The shareholder also believes Acxiom's financial advisers, Merrill Lynch & Co. and Stephens Inc., made substantial adjustments to EBITDA as part of their analyses underlying their fairness opinions without corresponding adjustments to enterprise value.

MMI said based on publicly available information, it does not agree with either opinion's adjusted EBITDA and said both appear to make the mistake of reducing EBITDA for the costs of capitalized leases and software without reducing the debt for the obligations. MMI believes the error reduces discounted cash flow and enterprise value divided by adjusted EBITDA calculations by about $2 per share.

'Wholly unsatisfactory' process

MMI also believes the process surrounding the deal and the go-shop period were "wholly unsatisfactory and unfair to Acxiom shareholders," Lande said Monday.

Specifically, MMI believes the buyer had unfair advantages because ValueAct managing partner and Acxiom board member Jeff Ubben participated in board discussions regarding a sale of the company for more than a week after announcing ValueAct's interest in possibly acquiring the company.

ValueAct beneficially owns 10,329,711 shares, or a 13.2% stake, in Acxiom.

Additionally, Acxiom elected to pursue a go-shop process with a break-up fee, "having already reached a definitive agreement with a buyer with informational and cost basis advantages, rather than an auction process with an even playing field," MMI said in the letter.

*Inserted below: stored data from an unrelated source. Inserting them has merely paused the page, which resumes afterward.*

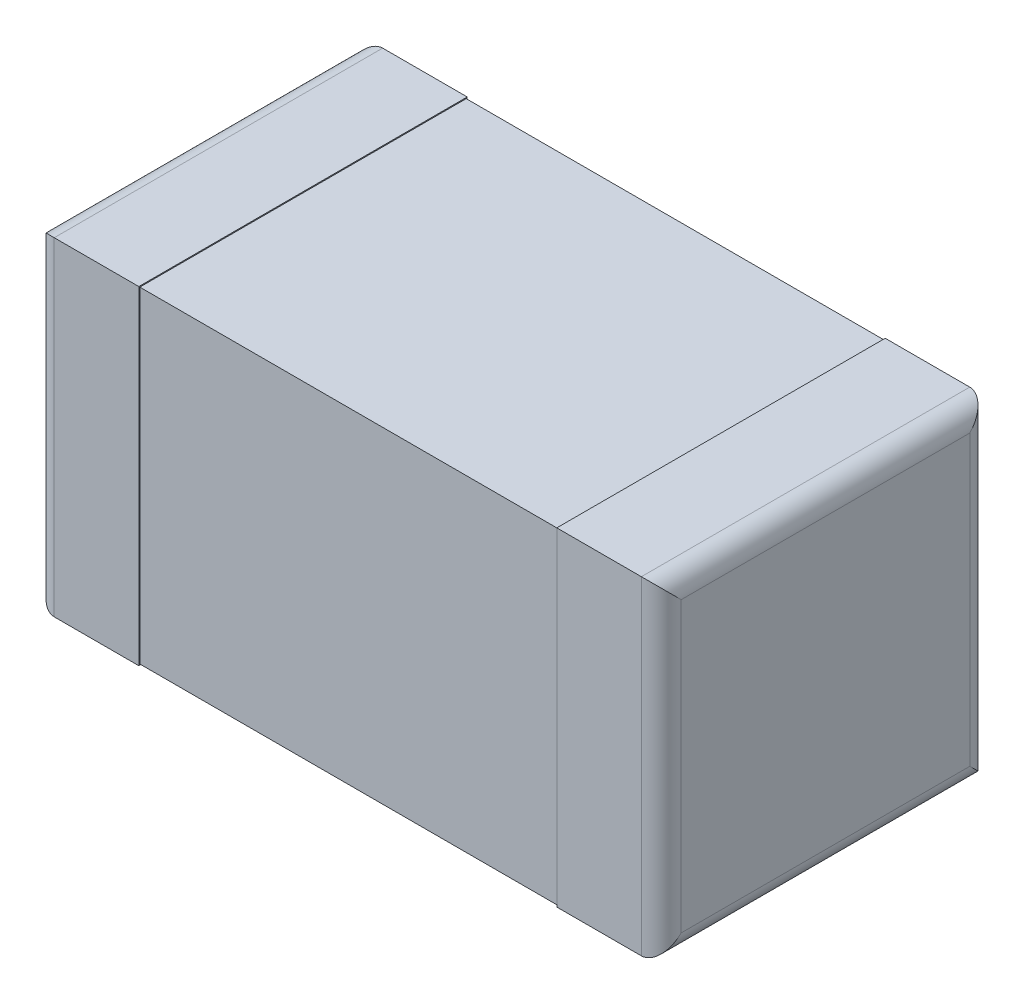
ISO-10303-21;
HEADER;
FILE_DESCRIPTION(('STEP AP214'),'2;1');
FILE_NAME('part.step','',(''),(''),'','','');
FILE_SCHEMA(('AUTOMOTIVE_DESIGN { 1 0 10303 214 1 1 1 1 }'));
ENDSEC;
DATA;
#1=APPLICATION_CONTEXT('core data for automotive mechanical design processes');
#2=APPLICATION_PROTOCOL_DEFINITION('international standard','automotive_design',2000,#1);
#3=PRODUCT_CONTEXT('',#1,'mechanical');
#4=PRODUCT('Part','Part','',(#3));
#5=PRODUCT_RELATED_PRODUCT_CATEGORY('part','',(#4));
#6=PRODUCT_DEFINITION_FORMATION('','',#4);
#7=PRODUCT_DEFINITION_CONTEXT('part definition',#1,'design');
#8=PRODUCT_DEFINITION('design','',#6,#7);
#9=PRODUCT_DEFINITION_SHAPE('','',#8);
#10=(LENGTH_UNIT() NAMED_UNIT(*) SI_UNIT(.MILLI.,.METRE.));
#11=(NAMED_UNIT(*) PLANE_ANGLE_UNIT() SI_UNIT($,.RADIAN.));
#12=(NAMED_UNIT(*) SI_UNIT($,.STERADIAN.) SOLID_ANGLE_UNIT());
#13=UNCERTAINTY_MEASURE_WITH_UNIT(LENGTH_MEASURE(1.E-05),#10,'distance_accuracy_value','');
#14=(GEOMETRIC_REPRESENTATION_CONTEXT(3) GLOBAL_UNCERTAINTY_ASSIGNED_CONTEXT((#13)) GLOBAL_UNIT_ASSIGNED_CONTEXT((#10,
#11,#12)) REPRESENTATION_CONTEXT('',''));
#15=CARTESIAN_POINT('',(0.,0.,0.));
#16=DIRECTION('',(0.,0.,1.));
#17=DIRECTION('',(1.,0.,0.));
#18=AXIS2_PLACEMENT_3D('',#15,#16,#17);
#19=CARTESIAN_POINT('',(0.,0.8382,0.8382));
#20=DIRECTION('',(1.,0.,0.));
#21=DIRECTION('',(0.,1.,0.));
#22=AXIS2_PLACEMENT_3D('',#19,#20,#21);
#23=PLANE('',#22);
#24=DIRECTION('',(0.,0.,-1.));
#25=VECTOR('',#24,1.);
#26=CARTESIAN_POINT('',(0.,0.0508,0.8382));
#27=LINE('',#26,#25);
#28=CARTESIAN_POINT('',(0.,0.0508,0.7874));
#29=VERTEX_POINT('',#28);
#30=CARTESIAN_POINT('',(0.,0.0508,0.0508));
#31=VERTEX_POINT('',#30);
#32=EDGE_CURVE('E194',#29,#31,#27,.T.);
#33=ORIENTED_EDGE('',*,*,#32,.F.);
#34=DIRECTION('',(0.,1.,0.));
#35=VECTOR('',#34,1.);
#36=CARTESIAN_POINT('',(0.,0.,0.7874));
#37=LINE('',#36,#35);
#38=CARTESIAN_POINT('',(0.,0.7874,0.7874));
#39=VERTEX_POINT('',#38);
#40=EDGE_CURVE('E153',#39,#29,#37,.F.);
#41=ORIENTED_EDGE('',*,*,#40,.F.);
#42=DIRECTION('',(0.,0.,-1.));
#43=VECTOR('',#42,1.);
#44=CARTESIAN_POINT('',(0.,0.7874,0.8382));
#45=LINE('',#44,#43);
#46=CARTESIAN_POINT('',(0.,0.7874,0.0508));
#47=VERTEX_POINT('',#46);
#48=EDGE_CURVE('E150',#47,#39,#45,.F.);
#49=ORIENTED_EDGE('',*,*,#48,.F.);
#50=DIRECTION('',(0.,-1.,0.));
#51=VECTOR('',#50,1.);
#52=CARTESIAN_POINT('',(0.,0.8382,0.0508));
#53=LINE('',#52,#51);
#54=EDGE_CURVE('E192',#31,#47,#53,.F.);
#55=ORIENTED_EDGE('',*,*,#54,.F.);
#56=EDGE_LOOP('',(#33,#41,#49,#55));
#57=FACE_BOUND('',#56,.T.);
#58=ADVANCED_FACE('F16',(#57),#23,.F.);
#59=CARTESIAN_POINT('',(1.6002,0.,0.8382));
#60=DIRECTION('',(-1.,0.,0.));
#61=DIRECTION('',(0.,0.,1.));
#62=AXIS2_PLACEMENT_3D('',#59,#60,#61);
#63=PLANE('',#62);
#64=DIRECTION('',(0.,0.,-1.));
#65=VECTOR('',#64,1.);
#66=CARTESIAN_POINT('',(1.6002,0.7874,0.8382));
#67=LINE('',#66,#65);
#68=CARTESIAN_POINT('',(1.6002,0.7874,0.7874));
#69=VERTEX_POINT('',#68);
#70=CARTESIAN_POINT('',(1.6002,0.7874,0.0508));
#71=VERTEX_POINT('',#70);
#72=EDGE_CURVE('E180',#69,#71,#67,.T.);
#73=ORIENTED_EDGE('',*,*,#72,.F.);
#74=DIRECTION('',(0.,-1.,0.));
#75=VECTOR('',#74,1.);
#76=CARTESIAN_POINT('',(1.6002,0.,0.7874));
#77=LINE('',#76,#75);
#78=CARTESIAN_POINT('',(1.6002,0.0508,0.7874));
#79=VERTEX_POINT('',#78);
#80=EDGE_CURVE('E184',#79,#69,#77,.F.);
#81=ORIENTED_EDGE('',*,*,#80,.F.);
#82=DIRECTION('',(0.,0.,-1.));
#83=VECTOR('',#82,1.);
#84=CARTESIAN_POINT('',(1.6002,0.0508,0.8382));
#85=LINE('',#84,#83);
#86=CARTESIAN_POINT('',(1.6002,0.0508,0.0508));
#87=VERTEX_POINT('',#86);
#88=EDGE_CURVE('E188',#87,#79,#85,.F.);
#89=ORIENTED_EDGE('',*,*,#88,.F.);
#90=DIRECTION('',(0.,1.,0.));
#91=VECTOR('',#90,1.);
#92=CARTESIAN_POINT('',(1.6002,0.,0.0508));
#93=LINE('',#92,#91);
#94=EDGE_CURVE('E137',#71,#87,#93,.F.);
#95=ORIENTED_EDGE('',*,*,#94,.F.);
#96=EDGE_LOOP('',(#73,#81,#89,#95));
#97=FACE_BOUND('',#96,.T.);
#98=ADVANCED_FACE('F381',(#97),#63,.F.);
#99=CARTESIAN_POINT('',(0.0508,0.7874,0.8382));
#100=DIRECTION('',(0.,0.,-1.));
#101=DIRECTION('',(-1.,0.,0.));
#102=AXIS2_PLACEMENT_3D('',#99,#100,#101);
#103=CYLINDRICAL_SURFACE('',#102,0.0508);
#104=CARTESIAN_POINT('',(0.0508,0.7874,0.7874));
#105=DIRECTION('',(0.,0.707106781186547,-0.707106781186547));
#106=DIRECTION('',(0.,0.707106781186547,0.707106781186547));
#107=AXIS2_PLACEMENT_3D('',#104,#105,#106);
#108=ELLIPSE('',#107,0.0718420489685532,0.0508);
#109=CARTESIAN_POINT('',(0.0508,0.8382,0.8382));
#110=VERTEX_POINT('',#109);
#111=EDGE_CURVE('E19',#110,#39,#108,.F.);
#112=ORIENTED_EDGE('',*,*,#111,.F.);
#113=DIRECTION('',(0.,0.,1.));
#114=VECTOR('',#113,1.);
#115=CARTESIAN_POINT('',(0.0507999999999999,0.8382,0.8382));
#116=LINE('',#115,#114);
#117=CARTESIAN_POINT('',(0.0508,0.8382,0.));
#118=VERTEX_POINT('',#117);
#119=EDGE_CURVE('E126',#110,#118,#116,.F.);
#120=ORIENTED_EDGE('',*,*,#119,.T.);
#121=CARTESIAN_POINT('',(0.0508,0.7874,0.0508));
#122=DIRECTION('',(0.,-0.707106781186547,-0.707106781186547));
#123=DIRECTION('',(0.,-0.707106781186547,0.707106781186547));
#124=AXIS2_PLACEMENT_3D('',#121,#122,#123);
#125=ELLIPSE('',#124,0.0718420489685532,0.0508);
#126=EDGE_CURVE('E193',#47,#118,#125,.T.);
#127=ORIENTED_EDGE('',*,*,#126,.F.);
#128=ORIENTED_EDGE('',*,*,#48,.T.);
#129=EDGE_LOOP('',(#112,#120,#127,#128));
#130=FACE_BOUND('',#129,.T.);
#131=ADVANCED_FACE('F149',(#130),#103,.T.);
#132=CARTESIAN_POINT('',(0.0508,0.,0.7874));
#133=DIRECTION('',(0.,1.,0.));
#134=DIRECTION('',(-1.,0.,0.));
#135=AXIS2_PLACEMENT_3D('',#132,#133,#134);
#136=CYLINDRICAL_SURFACE('',#135,0.0508);
#137=CARTESIAN_POINT('',(0.0508,0.0508,0.7874));
#138=DIRECTION('',(0.,-0.707106781186547,-0.707106781186547));
#139=DIRECTION('',(0.,0.707106781186547,-0.707106781186547));
#140=AXIS2_PLACEMENT_3D('',#137,#138,#139);
#141=ELLIPSE('',#140,0.0718420489685532,0.0508);
#142=CARTESIAN_POINT('',(0.0507999999999999,0.,0.8382));
#143=VERTEX_POINT('',#142);
#144=EDGE_CURVE('E156',#143,#29,#141,.T.);
#145=ORIENTED_EDGE('',*,*,#144,.F.);
#146=DIRECTION('',(0.,1.,0.));
#147=VECTOR('',#146,1.);
#148=CARTESIAN_POINT('',(0.0507999999999999,0.,0.8382));
#149=LINE('',#148,#147);
#150=EDGE_CURVE('E143',#110,#143,#149,.F.);
#151=ORIENTED_EDGE('',*,*,#150,.F.);
#152=ORIENTED_EDGE('',*,*,#111,.T.);
#153=ORIENTED_EDGE('',*,*,#40,.T.);
#154=EDGE_LOOP('',(#145,#151,#152,#153));
#155=FACE_BOUND('',#154,.T.);
#156=ADVANCED_FACE('F154',(#155),#136,.T.);
#157=CARTESIAN_POINT('',(0.0508,0.0508,0.8382));
#158=DIRECTION('',(0.,0.,-1.));
#159=DIRECTION('',(-1.,0.,0.));
#160=AXIS2_PLACEMENT_3D('',#157,#158,#159);
#161=CYLINDRICAL_SURFACE('',#160,0.0508);
#162=CARTESIAN_POINT('',(0.0508,0.0508,0.0508));
#163=DIRECTION('',(0.,-0.707106781186547,0.707106781186547));
#164=DIRECTION('',(0.,-0.707106781186547,-0.707106781186547));
#165=AXIS2_PLACEMENT_3D('',#162,#163,#164);
#166=ELLIPSE('',#165,0.0718420489685532,0.0508);
#167=CARTESIAN_POINT('',(0.0508,0.,0.));
#168=VERTEX_POINT('',#167);
#169=EDGE_CURVE('E189',#168,#31,#166,.F.);
#170=ORIENTED_EDGE('',*,*,#169,.F.);
#171=DIRECTION('',(0.,0.,1.));
#172=VECTOR('',#171,1.);
#173=CARTESIAN_POINT('',(0.0508,0.,0.8382));
#174=LINE('',#173,#172);
#175=EDGE_CURVE('E158',#168,#143,#174,.T.);
#176=ORIENTED_EDGE('',*,*,#175,.T.);
#177=ORIENTED_EDGE('',*,*,#144,.T.);
#178=ORIENTED_EDGE('',*,*,#32,.T.);
#179=EDGE_LOOP('',(#170,#176,#177,#178));
#180=FACE_BOUND('',#179,.T.);
#181=ADVANCED_FACE('F374',(#180),#161,.T.);
#182=CARTESIAN_POINT('',(0.0508,0.8382,0.0508));
#183=DIRECTION('',(0.,-1.,0.));
#184=DIRECTION('',(1.,0.,0.));
#185=AXIS2_PLACEMENT_3D('',#182,#183,#184);
#186=CYLINDRICAL_SURFACE('',#185,0.0508);
#187=ORIENTED_EDGE('',*,*,#169,.T.);
#188=ORIENTED_EDGE('',*,*,#54,.T.);
#189=ORIENTED_EDGE('',*,*,#126,.T.);
#190=DIRECTION('',(0.,1.,0.));
#191=VECTOR('',#190,1.);
#192=CARTESIAN_POINT('',(0.0507999999999999,0.,0.));
#193=LINE('',#192,#191);
#194=EDGE_CURVE('E213',#118,#168,#193,.F.);
#195=ORIENTED_EDGE('',*,*,#194,.T.);
#196=EDGE_LOOP('',(#187,#188,#189,#195));
#197=FACE_BOUND('',#196,.T.);
#198=ADVANCED_FACE('F370',(#197),#186,.T.);
#199=CARTESIAN_POINT('',(1.5494,0.0508,0.8382));
#200=DIRECTION('',(0.,0.,-1.));
#201=DIRECTION('',(-1.,0.,0.));
#202=AXIS2_PLACEMENT_3D('',#199,#200,#201);
#203=CYLINDRICAL_SURFACE('',#202,0.0508);
#204=CARTESIAN_POINT('',(1.5494,0.0508,0.7874));
#205=DIRECTION('',(0.,-0.707106781186547,-0.707106781186547));
#206=DIRECTION('',(0.,-0.707106781186547,0.707106781186547));
#207=AXIS2_PLACEMENT_3D('',#204,#205,#206);
#208=ELLIPSE('',#207,0.0718420489685532,0.0508);
#209=CARTESIAN_POINT('',(1.5494,0.,0.8382));
#210=VERTEX_POINT('',#209);
#211=EDGE_CURVE('E185',#210,#79,#208,.F.);
#212=ORIENTED_EDGE('',*,*,#211,.F.);
#213=DIRECTION('',(0.,0.,1.));
#214=VECTOR('',#213,1.);
#215=CARTESIAN_POINT('',(1.5494,0.,0.8382));
#216=LINE('',#215,#214);
#217=CARTESIAN_POINT('',(1.5494,0.,0.));
#218=VERTEX_POINT('',#217);
#219=EDGE_CURVE('E212',#210,#218,#216,.F.);
#220=ORIENTED_EDGE('',*,*,#219,.T.);
#221=CARTESIAN_POINT('',(1.5494,0.0508,0.0508));
#222=DIRECTION('',(0.,0.707106781186547,-0.707106781186547));
#223=DIRECTION('',(0.,0.707106781186547,0.707106781186547));
#224=AXIS2_PLACEMENT_3D('',#221,#222,#223);
#225=ELLIPSE('',#224,0.0718420489685532,0.0508);
#226=EDGE_CURVE('E178',#87,#218,#225,.T.);
#227=ORIENTED_EDGE('',*,*,#226,.F.);
#228=ORIENTED_EDGE('',*,*,#88,.T.);
#229=EDGE_LOOP('',(#212,#220,#227,#228));
#230=FACE_BOUND('',#229,.T.);
#231=ADVANCED_FACE('F366',(#230),#203,.T.);
#232=CARTESIAN_POINT('',(1.5494,0.,0.7874));
#233=DIRECTION('',(0.,-1.,0.));
#234=DIRECTION('',(0.,0.,-1.));
#235=AXIS2_PLACEMENT_3D('',#232,#233,#234);
#236=CYLINDRICAL_SURFACE('',#235,0.0508);
#237=CARTESIAN_POINT('',(1.5494,0.7874,0.7874));
#238=DIRECTION('',(0.,0.707106781186547,-0.707106781186547));
#239=DIRECTION('',(0.,-0.707106781186547,-0.707106781186547));
#240=AXIS2_PLACEMENT_3D('',#237,#238,#239);
#241=ELLIPSE('',#240,0.0718420489685532,0.0508);
#242=CARTESIAN_POINT('',(1.5494,0.8382,0.8382));
#243=VERTEX_POINT('',#242);
#244=EDGE_CURVE('E181',#243,#69,#241,.T.);
#245=ORIENTED_EDGE('',*,*,#244,.F.);
#246=DIRECTION('',(0.,1.,0.));
#247=VECTOR('',#246,1.);
#248=CARTESIAN_POINT('',(1.5494,0.,0.8382));
#249=LINE('',#248,#247);
#250=EDGE_CURVE('E233',#210,#243,#249,.T.);
#251=ORIENTED_EDGE('',*,*,#250,.F.);
#252=ORIENTED_EDGE('',*,*,#211,.T.);
#253=ORIENTED_EDGE('',*,*,#80,.T.);
#254=EDGE_LOOP('',(#245,#251,#252,#253));
#255=FACE_BOUND('',#254,.T.);
#256=ADVANCED_FACE('F362',(#255),#236,.T.);
#257=CARTESIAN_POINT('',(1.5494,0.7874,0.8382));
#258=DIRECTION('',(0.,0.,-1.));
#259=DIRECTION('',(-1.,0.,0.));
#260=AXIS2_PLACEMENT_3D('',#257,#258,#259);
#261=CYLINDRICAL_SURFACE('',#260,0.0508);
#262=CARTESIAN_POINT('',(1.5494,0.7874,0.0508));
#263=DIRECTION('',(0.,0.707106781186547,0.707106781186547));
#264=DIRECTION('',(0.,0.707106781186547,-0.707106781186547));
#265=AXIS2_PLACEMENT_3D('',#262,#263,#264);
#266=ELLIPSE('',#265,0.0718420489685532,0.0508);
#267=CARTESIAN_POINT('',(1.5494,0.8382,0.));
#268=VERTEX_POINT('',#267);
#269=EDGE_CURVE('E175',#268,#71,#266,.F.);
#270=ORIENTED_EDGE('',*,*,#269,.F.);
#271=DIRECTION('',(0.,0.,1.));
#272=VECTOR('',#271,1.);
#273=CARTESIAN_POINT('',(1.5494,0.8382,0.8382));
#274=LINE('',#273,#272);
#275=EDGE_CURVE('E236',#268,#243,#274,.T.);
#276=ORIENTED_EDGE('',*,*,#275,.T.);
#277=ORIENTED_EDGE('',*,*,#244,.T.);
#278=ORIENTED_EDGE('',*,*,#72,.T.);
#279=EDGE_LOOP('',(#270,#276,#277,#278));
#280=FACE_BOUND('',#279,.T.);
#281=ADVANCED_FACE('F358',(#280),#261,.T.);
#282=CARTESIAN_POINT('',(1.5494,0.,0.0508));
#283=DIRECTION('',(0.,1.,0.));
#284=DIRECTION('',(0.,0.,1.));
#285=AXIS2_PLACEMENT_3D('',#282,#283,#284);
#286=CYLINDRICAL_SURFACE('',#285,0.0508);
#287=ORIENTED_EDGE('',*,*,#269,.T.);
#288=ORIENTED_EDGE('',*,*,#94,.T.);
#289=ORIENTED_EDGE('',*,*,#226,.T.);
#290=DIRECTION('',(0.,1.,0.));
#291=VECTOR('',#290,1.);
#292=CARTESIAN_POINT('',(1.5494,0.,0.));
#293=LINE('',#292,#291);
#294=EDGE_CURVE('E260',#218,#268,#293,.T.);
#295=ORIENTED_EDGE('',*,*,#294,.T.);
#296=EDGE_LOOP('',(#287,#288,#289,#295));
#297=FACE_BOUND('',#296,.T.);
#298=ADVANCED_FACE('F355',(#297),#286,.T.);
#299=CARTESIAN_POINT('',(1.6002,0.8382,0.8382));
#300=DIRECTION('',(0.,-1.,0.));
#301=DIRECTION('',(1.,0.,0.));
#302=AXIS2_PLACEMENT_3D('',#299,#300,#301);
#303=PLANE('',#302);
#304=ORIENTED_EDGE('',*,*,#119,.F.);
#305=DIRECTION('',(1.,0.,0.));
#306=VECTOR('',#305,1.);
#307=CARTESIAN_POINT('',(0.,0.8382,0.8382));
#308=LINE('',#307,#306);
#309=CARTESIAN_POINT('',(0.2667,0.8382,0.8382));
#310=VERTEX_POINT('',#309);
#311=EDGE_CURVE('E130',#310,#110,#308,.F.);
#312=ORIENTED_EDGE('',*,*,#311,.F.);
#313=DIRECTION('',(0.,0.,1.));
#314=VECTOR('',#313,1.);
#315=CARTESIAN_POINT('',(0.2667,0.8382,0.83566));
#316=LINE('',#315,#314);
#317=CARTESIAN_POINT('',(0.2667,0.8382,0.));
#318=VERTEX_POINT('',#317);
#319=EDGE_CURVE('E171',#318,#310,#316,.T.);
#320=ORIENTED_EDGE('',*,*,#319,.F.);
#321=DIRECTION('',(1.,0.,0.));
#322=VECTOR('',#321,1.);
#323=CARTESIAN_POINT('',(0.,0.8382,0.));
#324=LINE('',#323,#322);
#325=EDGE_CURVE('E132',#318,#118,#324,.F.);
#326=ORIENTED_EDGE('',*,*,#325,.T.);
#327=EDGE_LOOP('',(#304,#312,#320,#326));
#328=FACE_BOUND('',#327,.T.);
#329=ADVANCED_FACE('F128',(#328),#303,.F.);
#330=CARTESIAN_POINT('',(0.,0.,0.8382));
#331=DIRECTION('',(0.,0.,1.));
#332=DIRECTION('',(1.,0.,0.));
#333=AXIS2_PLACEMENT_3D('',#330,#331,#332);
#334=PLANE('',#333);
#335=DIRECTION('',(1.,0.,0.));
#336=VECTOR('',#335,1.);
#337=CARTESIAN_POINT('',(0.,0.,0.8382));
#338=LINE('',#337,#336);
#339=CARTESIAN_POINT('',(0.2667,0.,0.8382));
#340=VERTEX_POINT('',#339);
#341=EDGE_CURVE('E161',#143,#340,#338,.T.);
#342=ORIENTED_EDGE('',*,*,#341,.T.);
#343=DIRECTION('',(0.,1.,0.));
#344=VECTOR('',#343,1.);
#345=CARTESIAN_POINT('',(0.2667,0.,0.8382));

"The board had previously shared confidential information with several potential strategic acquirers, but chose not to invite them to bid prior to signing the definitive agreement with ValueAct and Silver Lake," MMI said.

The investor also believes Acxiom's board was focused on signing a deal before releasing its fourth-quarter results.

Solicitation of proxies

Lande said MMI has just begun soliciting proxies, but other shareholders with whom the investor has already spoken have been in agreement with MMI's position on the deal.

The investor believes "when confronted with calculations," additional shareholders will take MMI's position.

Acxiom needs two-thirds of its shareholders to vote in favor of the deal for it to be approved.

Lande also said Monday that MMI is willing to listen to Acxiom's argument in favor of the deal but has not recently had any direct contact with the company.

"Our door is open. They haven't called, nor has ValueAct, nor has Silver Lake. We, frankly, don't know what they're thinking," he said.

Acxiom is a Little Rock, Ark., provider of customer and information management services.